[Task objective] In the listing that follows, how many lines contain "ipEmsVehSpdFail"? Give the number only.

**********

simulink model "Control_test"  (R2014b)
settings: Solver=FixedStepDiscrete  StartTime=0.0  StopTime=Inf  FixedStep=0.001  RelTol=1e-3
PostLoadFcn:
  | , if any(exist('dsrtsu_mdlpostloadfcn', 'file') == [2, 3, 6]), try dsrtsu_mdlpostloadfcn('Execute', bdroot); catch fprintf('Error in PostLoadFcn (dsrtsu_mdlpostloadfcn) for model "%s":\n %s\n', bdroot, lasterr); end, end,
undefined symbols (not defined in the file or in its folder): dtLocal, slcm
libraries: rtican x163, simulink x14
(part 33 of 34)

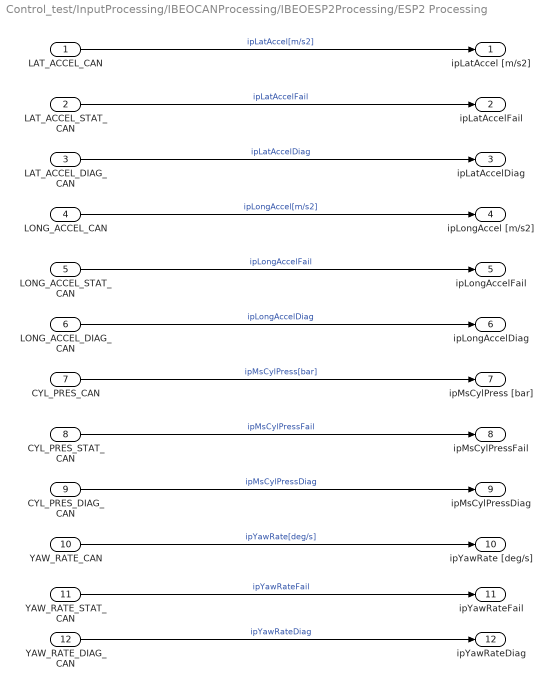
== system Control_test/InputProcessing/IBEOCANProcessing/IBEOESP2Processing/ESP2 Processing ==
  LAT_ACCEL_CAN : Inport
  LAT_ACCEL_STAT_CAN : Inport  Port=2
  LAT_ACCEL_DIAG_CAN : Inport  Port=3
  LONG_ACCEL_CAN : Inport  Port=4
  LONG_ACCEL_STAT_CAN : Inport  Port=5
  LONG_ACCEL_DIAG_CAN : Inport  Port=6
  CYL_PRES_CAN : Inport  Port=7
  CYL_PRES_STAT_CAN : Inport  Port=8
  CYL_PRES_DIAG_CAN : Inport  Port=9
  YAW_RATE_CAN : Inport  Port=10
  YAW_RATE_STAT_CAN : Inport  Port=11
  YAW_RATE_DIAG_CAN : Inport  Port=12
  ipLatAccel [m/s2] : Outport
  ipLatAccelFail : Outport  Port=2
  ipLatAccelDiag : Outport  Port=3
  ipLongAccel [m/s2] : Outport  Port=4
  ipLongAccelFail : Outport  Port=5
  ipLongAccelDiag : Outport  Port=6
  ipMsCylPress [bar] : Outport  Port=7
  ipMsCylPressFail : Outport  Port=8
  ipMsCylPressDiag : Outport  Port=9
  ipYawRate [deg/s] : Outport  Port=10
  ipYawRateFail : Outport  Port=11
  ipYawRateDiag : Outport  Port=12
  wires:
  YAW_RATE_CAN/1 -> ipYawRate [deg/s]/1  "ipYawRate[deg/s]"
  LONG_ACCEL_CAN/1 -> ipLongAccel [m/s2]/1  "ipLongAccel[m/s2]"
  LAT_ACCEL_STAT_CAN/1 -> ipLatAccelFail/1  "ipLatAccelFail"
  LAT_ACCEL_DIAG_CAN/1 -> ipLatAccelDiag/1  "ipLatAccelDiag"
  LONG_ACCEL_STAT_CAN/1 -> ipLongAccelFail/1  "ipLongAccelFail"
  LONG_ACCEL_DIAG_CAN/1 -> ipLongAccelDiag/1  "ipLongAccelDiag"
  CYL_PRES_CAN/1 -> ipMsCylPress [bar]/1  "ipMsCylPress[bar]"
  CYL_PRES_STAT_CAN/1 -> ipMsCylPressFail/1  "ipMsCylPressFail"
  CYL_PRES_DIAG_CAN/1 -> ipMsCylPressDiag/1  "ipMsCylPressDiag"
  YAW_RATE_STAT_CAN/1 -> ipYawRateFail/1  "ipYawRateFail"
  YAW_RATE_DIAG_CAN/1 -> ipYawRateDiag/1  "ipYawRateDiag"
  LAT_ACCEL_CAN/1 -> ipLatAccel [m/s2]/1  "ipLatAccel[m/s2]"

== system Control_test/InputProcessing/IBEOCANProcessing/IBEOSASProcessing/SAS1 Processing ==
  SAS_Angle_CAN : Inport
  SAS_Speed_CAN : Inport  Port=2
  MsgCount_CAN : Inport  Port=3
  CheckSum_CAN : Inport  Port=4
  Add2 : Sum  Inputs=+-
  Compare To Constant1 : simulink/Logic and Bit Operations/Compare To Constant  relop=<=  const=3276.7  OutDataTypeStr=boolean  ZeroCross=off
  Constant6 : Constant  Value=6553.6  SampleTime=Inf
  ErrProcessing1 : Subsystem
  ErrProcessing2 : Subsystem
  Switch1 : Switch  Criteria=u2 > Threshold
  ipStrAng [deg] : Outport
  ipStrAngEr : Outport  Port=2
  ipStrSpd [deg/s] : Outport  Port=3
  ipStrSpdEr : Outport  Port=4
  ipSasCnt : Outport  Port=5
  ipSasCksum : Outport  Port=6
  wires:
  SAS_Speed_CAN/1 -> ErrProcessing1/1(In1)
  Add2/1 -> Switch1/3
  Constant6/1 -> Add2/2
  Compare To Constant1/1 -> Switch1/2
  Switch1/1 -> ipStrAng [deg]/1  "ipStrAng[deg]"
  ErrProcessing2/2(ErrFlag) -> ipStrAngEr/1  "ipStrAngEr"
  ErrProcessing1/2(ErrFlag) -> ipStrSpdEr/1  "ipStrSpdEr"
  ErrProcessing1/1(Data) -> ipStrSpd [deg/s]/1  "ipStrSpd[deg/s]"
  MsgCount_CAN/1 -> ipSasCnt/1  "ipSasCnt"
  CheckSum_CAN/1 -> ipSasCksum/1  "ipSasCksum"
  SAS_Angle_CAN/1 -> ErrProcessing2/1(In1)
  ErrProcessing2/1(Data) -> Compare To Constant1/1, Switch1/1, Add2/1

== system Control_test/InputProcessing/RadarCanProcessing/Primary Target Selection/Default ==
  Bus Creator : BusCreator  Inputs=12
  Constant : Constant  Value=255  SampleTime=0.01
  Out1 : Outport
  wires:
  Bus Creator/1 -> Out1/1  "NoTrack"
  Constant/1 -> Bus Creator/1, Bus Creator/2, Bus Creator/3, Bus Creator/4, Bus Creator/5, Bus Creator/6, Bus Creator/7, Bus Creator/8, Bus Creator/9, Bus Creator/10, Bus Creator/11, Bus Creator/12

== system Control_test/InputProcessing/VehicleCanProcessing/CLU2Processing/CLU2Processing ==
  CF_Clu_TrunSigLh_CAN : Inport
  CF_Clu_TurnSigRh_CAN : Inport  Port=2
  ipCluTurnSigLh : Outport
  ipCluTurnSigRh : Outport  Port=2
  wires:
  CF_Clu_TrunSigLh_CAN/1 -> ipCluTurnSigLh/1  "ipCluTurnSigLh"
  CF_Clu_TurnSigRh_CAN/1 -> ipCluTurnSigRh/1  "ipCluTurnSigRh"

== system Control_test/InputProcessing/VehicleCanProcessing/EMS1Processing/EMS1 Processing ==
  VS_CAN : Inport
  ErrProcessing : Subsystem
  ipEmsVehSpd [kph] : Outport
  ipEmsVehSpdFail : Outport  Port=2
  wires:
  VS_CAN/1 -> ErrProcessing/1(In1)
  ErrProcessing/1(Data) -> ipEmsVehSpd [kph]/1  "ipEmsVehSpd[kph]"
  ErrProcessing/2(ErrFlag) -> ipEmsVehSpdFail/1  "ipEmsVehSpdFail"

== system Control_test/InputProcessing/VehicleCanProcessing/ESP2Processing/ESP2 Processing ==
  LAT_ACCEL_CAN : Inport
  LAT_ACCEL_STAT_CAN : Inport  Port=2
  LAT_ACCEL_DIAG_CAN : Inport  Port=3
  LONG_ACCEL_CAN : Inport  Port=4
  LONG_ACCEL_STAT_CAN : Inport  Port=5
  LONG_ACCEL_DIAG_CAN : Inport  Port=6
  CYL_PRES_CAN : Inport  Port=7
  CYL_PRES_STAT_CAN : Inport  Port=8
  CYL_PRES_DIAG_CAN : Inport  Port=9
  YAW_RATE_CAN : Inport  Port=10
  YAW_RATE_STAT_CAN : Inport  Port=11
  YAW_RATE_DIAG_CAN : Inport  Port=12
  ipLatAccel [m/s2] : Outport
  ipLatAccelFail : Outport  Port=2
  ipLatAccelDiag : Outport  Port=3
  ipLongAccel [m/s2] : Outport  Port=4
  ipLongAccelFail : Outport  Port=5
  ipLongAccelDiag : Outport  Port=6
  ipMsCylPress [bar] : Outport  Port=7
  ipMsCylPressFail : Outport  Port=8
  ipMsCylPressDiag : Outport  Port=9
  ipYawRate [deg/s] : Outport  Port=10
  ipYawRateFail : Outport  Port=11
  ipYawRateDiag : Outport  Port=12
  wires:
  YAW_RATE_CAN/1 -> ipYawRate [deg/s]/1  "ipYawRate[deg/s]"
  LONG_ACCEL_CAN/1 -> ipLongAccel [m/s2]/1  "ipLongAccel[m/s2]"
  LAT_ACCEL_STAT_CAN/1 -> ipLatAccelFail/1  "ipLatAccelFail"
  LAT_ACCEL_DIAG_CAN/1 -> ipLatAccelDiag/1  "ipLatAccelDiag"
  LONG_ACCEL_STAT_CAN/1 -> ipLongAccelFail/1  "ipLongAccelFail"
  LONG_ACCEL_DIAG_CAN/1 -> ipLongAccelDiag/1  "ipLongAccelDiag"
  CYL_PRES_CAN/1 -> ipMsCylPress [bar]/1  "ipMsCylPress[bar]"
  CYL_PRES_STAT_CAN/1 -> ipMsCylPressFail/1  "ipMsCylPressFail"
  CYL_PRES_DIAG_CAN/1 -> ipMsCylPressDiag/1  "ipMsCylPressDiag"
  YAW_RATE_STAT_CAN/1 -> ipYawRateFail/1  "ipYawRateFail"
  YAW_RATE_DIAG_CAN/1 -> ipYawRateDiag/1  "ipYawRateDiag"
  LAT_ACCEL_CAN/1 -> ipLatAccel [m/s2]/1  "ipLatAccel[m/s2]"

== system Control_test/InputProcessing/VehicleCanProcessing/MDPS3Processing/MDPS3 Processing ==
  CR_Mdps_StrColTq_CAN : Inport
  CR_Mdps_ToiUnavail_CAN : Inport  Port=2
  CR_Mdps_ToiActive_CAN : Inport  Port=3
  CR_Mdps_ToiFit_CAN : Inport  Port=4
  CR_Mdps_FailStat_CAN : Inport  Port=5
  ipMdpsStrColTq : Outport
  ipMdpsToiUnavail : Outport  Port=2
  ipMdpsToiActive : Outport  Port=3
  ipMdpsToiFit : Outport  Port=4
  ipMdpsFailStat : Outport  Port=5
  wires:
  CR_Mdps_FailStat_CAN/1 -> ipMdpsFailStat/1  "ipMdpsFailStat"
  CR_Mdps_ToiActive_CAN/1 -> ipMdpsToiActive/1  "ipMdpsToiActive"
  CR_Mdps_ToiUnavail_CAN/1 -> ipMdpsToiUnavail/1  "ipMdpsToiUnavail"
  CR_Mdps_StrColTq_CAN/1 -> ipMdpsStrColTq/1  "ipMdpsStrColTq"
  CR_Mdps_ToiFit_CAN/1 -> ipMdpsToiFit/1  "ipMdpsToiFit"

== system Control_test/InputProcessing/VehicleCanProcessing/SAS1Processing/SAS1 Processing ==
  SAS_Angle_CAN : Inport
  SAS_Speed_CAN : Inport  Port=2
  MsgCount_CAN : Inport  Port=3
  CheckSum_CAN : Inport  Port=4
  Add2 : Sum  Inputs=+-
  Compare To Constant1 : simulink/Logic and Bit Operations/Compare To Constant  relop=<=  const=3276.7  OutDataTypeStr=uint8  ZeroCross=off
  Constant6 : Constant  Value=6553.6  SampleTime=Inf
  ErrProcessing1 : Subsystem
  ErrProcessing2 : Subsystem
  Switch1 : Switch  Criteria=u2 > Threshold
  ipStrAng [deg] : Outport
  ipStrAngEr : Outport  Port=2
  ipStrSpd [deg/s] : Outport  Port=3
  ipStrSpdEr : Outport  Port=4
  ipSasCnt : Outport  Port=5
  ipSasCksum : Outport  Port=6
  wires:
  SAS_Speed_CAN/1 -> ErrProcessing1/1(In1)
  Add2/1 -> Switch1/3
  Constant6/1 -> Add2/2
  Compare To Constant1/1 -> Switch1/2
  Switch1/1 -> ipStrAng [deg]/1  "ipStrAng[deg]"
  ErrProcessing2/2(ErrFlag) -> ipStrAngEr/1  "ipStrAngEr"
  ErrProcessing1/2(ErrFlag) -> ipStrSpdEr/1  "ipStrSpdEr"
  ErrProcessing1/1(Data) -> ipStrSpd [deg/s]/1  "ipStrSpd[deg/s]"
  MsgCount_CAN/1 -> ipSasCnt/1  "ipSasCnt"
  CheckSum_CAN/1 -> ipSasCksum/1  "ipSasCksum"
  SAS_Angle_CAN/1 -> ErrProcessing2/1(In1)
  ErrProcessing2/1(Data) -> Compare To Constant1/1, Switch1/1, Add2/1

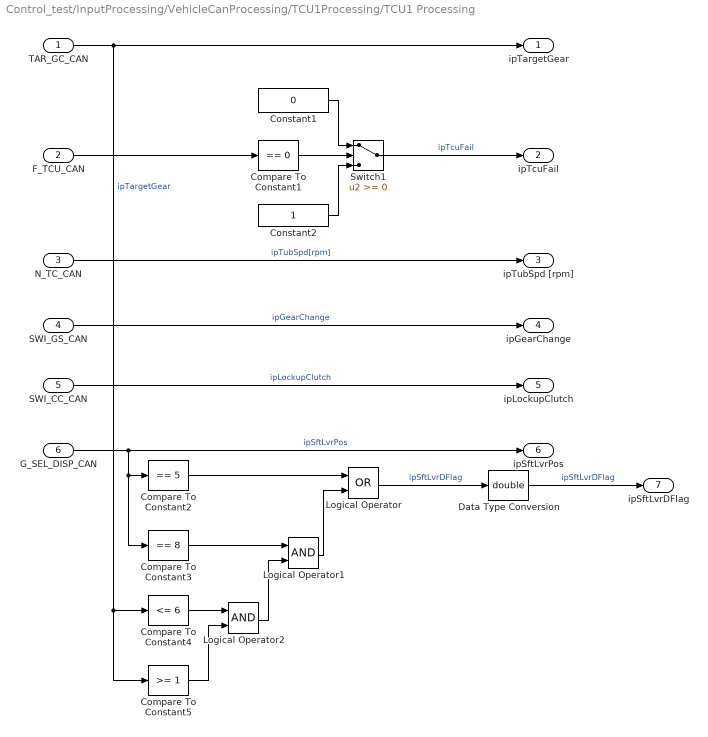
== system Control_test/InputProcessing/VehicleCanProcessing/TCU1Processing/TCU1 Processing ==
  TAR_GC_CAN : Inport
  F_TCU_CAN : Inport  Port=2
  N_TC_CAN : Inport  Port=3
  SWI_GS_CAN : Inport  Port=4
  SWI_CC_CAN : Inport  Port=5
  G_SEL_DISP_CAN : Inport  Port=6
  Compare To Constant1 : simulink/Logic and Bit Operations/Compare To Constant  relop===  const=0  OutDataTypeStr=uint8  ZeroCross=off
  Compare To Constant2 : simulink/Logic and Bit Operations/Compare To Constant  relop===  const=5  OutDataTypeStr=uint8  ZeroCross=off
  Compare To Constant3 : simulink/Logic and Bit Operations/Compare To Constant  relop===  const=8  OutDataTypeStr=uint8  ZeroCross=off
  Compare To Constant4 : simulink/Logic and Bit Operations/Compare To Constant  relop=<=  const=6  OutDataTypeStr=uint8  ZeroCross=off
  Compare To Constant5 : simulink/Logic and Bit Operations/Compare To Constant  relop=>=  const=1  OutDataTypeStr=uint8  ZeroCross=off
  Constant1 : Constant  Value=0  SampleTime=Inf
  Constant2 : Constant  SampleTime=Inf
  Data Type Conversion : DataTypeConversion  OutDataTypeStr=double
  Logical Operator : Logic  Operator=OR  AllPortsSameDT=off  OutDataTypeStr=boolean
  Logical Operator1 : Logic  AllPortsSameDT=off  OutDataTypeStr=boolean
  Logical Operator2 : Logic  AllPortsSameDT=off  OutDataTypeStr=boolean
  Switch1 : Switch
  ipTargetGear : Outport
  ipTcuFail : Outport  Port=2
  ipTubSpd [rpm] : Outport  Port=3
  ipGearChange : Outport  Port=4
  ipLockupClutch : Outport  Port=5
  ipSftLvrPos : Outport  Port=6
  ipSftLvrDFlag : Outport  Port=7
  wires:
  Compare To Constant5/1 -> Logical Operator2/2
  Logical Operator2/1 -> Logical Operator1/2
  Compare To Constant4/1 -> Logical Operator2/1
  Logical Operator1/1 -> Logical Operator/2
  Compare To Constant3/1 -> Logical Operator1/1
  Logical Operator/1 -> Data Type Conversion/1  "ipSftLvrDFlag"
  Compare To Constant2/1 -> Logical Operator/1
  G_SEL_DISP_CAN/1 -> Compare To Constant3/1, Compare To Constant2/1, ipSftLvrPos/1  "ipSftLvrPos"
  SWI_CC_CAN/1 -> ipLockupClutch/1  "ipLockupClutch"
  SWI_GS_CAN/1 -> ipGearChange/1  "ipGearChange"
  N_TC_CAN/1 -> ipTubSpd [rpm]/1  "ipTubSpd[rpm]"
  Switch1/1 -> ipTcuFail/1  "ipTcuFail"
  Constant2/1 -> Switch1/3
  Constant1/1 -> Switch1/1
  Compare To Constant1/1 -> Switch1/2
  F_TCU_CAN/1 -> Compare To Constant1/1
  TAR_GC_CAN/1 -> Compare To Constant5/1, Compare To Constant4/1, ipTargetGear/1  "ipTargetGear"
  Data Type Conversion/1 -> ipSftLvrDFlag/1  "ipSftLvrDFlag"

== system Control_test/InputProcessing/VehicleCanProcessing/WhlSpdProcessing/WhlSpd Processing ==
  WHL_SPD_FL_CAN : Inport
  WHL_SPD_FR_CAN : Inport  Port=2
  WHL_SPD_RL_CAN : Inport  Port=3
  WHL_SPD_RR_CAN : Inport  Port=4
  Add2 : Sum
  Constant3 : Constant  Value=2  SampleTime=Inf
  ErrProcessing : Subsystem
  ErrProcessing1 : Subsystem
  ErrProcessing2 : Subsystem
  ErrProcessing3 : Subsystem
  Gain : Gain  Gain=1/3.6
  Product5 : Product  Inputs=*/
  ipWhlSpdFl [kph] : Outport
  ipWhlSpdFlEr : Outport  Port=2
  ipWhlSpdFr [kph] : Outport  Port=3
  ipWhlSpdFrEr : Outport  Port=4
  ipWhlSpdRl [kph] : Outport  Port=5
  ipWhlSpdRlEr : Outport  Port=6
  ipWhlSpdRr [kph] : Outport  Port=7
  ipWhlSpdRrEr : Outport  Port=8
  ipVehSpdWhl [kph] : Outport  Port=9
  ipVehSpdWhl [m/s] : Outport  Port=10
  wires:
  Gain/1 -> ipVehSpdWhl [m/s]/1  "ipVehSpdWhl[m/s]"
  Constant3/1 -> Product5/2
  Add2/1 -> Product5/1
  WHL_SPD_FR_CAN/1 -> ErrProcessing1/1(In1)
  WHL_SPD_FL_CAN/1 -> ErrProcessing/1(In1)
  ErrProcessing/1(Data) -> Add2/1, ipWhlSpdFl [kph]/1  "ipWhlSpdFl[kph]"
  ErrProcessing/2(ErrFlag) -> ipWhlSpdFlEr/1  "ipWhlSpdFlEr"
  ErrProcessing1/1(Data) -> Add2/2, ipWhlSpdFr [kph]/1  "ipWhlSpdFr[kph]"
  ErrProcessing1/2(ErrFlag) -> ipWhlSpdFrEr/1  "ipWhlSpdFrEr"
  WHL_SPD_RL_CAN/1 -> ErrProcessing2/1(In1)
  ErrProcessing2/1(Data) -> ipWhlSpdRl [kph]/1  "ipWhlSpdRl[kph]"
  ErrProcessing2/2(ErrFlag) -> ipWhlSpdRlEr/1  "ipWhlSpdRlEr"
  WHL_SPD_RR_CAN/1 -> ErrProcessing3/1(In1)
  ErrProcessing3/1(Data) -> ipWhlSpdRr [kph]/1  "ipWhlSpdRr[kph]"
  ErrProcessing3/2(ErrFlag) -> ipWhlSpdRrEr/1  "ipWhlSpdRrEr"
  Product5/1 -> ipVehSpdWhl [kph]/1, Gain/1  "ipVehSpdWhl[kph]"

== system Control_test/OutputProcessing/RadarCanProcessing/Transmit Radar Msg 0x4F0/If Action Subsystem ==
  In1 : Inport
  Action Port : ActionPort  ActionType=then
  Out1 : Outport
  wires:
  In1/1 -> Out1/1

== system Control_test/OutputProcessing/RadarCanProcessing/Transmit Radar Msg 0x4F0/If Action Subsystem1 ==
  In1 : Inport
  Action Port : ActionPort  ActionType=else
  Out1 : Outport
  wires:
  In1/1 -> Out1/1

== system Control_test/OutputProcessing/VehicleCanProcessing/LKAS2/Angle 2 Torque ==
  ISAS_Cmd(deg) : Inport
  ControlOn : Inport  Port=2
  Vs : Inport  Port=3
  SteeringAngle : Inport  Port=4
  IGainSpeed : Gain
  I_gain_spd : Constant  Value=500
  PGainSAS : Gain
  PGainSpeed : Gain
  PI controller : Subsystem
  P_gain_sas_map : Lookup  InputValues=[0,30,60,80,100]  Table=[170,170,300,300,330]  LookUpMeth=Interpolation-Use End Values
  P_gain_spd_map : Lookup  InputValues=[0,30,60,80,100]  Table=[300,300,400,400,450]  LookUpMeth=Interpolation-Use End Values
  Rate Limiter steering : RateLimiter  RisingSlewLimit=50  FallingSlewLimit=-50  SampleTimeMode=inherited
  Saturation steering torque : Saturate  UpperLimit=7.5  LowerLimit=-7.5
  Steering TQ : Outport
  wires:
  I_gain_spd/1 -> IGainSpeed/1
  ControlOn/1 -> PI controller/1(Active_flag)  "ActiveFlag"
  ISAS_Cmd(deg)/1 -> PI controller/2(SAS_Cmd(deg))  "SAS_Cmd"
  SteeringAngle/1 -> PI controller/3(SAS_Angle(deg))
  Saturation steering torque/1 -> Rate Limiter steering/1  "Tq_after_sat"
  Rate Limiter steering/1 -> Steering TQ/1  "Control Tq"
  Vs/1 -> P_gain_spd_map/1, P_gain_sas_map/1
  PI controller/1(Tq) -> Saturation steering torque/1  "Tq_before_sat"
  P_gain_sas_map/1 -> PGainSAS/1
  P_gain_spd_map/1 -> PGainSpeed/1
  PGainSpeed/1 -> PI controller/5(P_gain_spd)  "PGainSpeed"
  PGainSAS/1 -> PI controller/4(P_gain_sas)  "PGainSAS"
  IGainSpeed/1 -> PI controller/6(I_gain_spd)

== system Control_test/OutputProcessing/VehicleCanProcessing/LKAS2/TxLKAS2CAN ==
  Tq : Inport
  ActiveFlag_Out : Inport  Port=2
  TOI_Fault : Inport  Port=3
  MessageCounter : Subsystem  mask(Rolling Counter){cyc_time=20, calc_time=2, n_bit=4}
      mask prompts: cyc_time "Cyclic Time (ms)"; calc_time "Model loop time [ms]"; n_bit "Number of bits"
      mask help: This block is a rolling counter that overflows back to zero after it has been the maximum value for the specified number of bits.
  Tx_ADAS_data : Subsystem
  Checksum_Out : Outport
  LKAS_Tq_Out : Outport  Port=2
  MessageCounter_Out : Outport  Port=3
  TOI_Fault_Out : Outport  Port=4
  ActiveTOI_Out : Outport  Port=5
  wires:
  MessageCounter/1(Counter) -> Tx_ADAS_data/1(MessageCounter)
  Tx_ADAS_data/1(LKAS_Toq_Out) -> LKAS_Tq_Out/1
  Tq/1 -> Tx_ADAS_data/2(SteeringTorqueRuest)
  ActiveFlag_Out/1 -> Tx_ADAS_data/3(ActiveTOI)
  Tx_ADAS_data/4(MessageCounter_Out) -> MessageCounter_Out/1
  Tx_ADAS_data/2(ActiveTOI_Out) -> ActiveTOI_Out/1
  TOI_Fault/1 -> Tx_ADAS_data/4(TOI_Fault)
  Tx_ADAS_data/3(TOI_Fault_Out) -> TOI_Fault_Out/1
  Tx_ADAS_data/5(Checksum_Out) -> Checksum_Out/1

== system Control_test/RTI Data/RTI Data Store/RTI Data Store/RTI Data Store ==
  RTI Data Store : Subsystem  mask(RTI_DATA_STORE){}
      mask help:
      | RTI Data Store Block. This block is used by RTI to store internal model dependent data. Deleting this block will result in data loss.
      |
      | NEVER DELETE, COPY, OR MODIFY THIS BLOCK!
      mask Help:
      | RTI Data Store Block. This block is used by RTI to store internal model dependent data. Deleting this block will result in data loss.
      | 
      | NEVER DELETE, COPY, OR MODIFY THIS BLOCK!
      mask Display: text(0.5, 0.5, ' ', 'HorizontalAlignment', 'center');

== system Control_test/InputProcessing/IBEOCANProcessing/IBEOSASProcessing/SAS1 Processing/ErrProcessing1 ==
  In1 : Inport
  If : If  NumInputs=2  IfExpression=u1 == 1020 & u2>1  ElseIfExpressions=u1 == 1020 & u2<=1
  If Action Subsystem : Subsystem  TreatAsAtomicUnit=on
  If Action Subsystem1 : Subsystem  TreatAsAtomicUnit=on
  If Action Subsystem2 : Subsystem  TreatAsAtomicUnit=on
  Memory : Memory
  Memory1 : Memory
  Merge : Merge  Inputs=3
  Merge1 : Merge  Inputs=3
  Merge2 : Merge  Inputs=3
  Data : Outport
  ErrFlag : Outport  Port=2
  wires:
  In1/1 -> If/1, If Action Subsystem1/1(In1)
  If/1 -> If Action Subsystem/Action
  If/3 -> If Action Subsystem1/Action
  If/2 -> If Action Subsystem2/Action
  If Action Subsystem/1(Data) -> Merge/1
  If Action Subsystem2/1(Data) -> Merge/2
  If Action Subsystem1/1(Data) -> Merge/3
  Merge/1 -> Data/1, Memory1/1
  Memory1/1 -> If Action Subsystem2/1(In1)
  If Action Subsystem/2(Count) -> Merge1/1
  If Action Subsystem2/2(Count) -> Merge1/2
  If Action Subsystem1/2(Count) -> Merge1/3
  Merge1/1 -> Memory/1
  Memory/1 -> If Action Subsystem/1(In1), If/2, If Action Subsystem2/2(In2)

**********

[Output below] 2